**** EXERCISE DATA
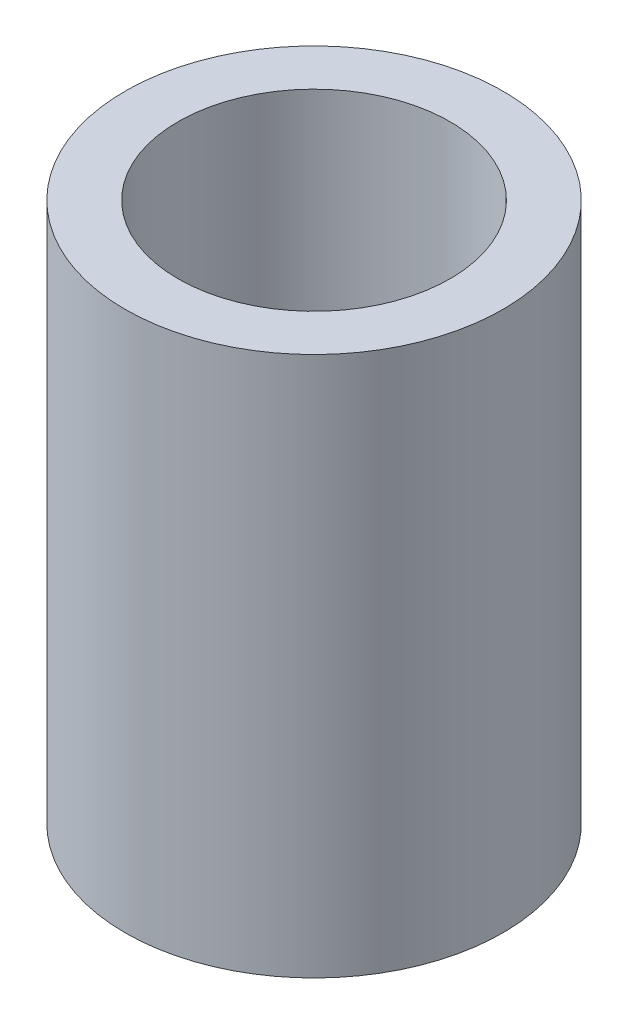
SolidWorks part; units mm, degrees
material "6061-T6 (SS)"
ref_plane "Front Plane" through (0, 0, 0) normal (0, 0, 1) x (1, 0, 0)
ref_plane "Top Plane" through (0, 0, 0) normal (0, 1, 0) x (1, 0, 0)
ref_plane "Right Plane" through (0, 0, 0) normal (1, 0, 0) x (0, 0, -1)
sketch "Sketch1" plane through (0, 0, 0) normal (0, 1, 0) x (1, 0, 0)
  circle A0 centre (0, 0) radius 4.445
  circle A1 centre (0, 0) radius 3.2004
  dimension "D1" = 8.89
  dimension "D2" = 6.4008
extrude "Boss-Extrude1" add sketch "Sketch1" along normal mid plane 12.7
********
**EXERCISE PROMPT**.
The line containing "0) x (0, 0, -1)" marks where the copy ends; print every line before it from the start of the records, and that line too, but no pictures.

**TASK ANSWER**.
SolidWorks part; units mm, degrees
material "6061-T6 (SS)"
ref_plane "Front Plane" through (0, 0, 0) normal (0, 0, 1) x (1, 0, 0)
ref_plane "Top Plane" through (0, 0, 0) normal (0, 1, 0) x (1, 0, 0)
ref_plane "Right Plane" through (0, 0, 0) normal (1, 0, 0) x (0, 0, -1)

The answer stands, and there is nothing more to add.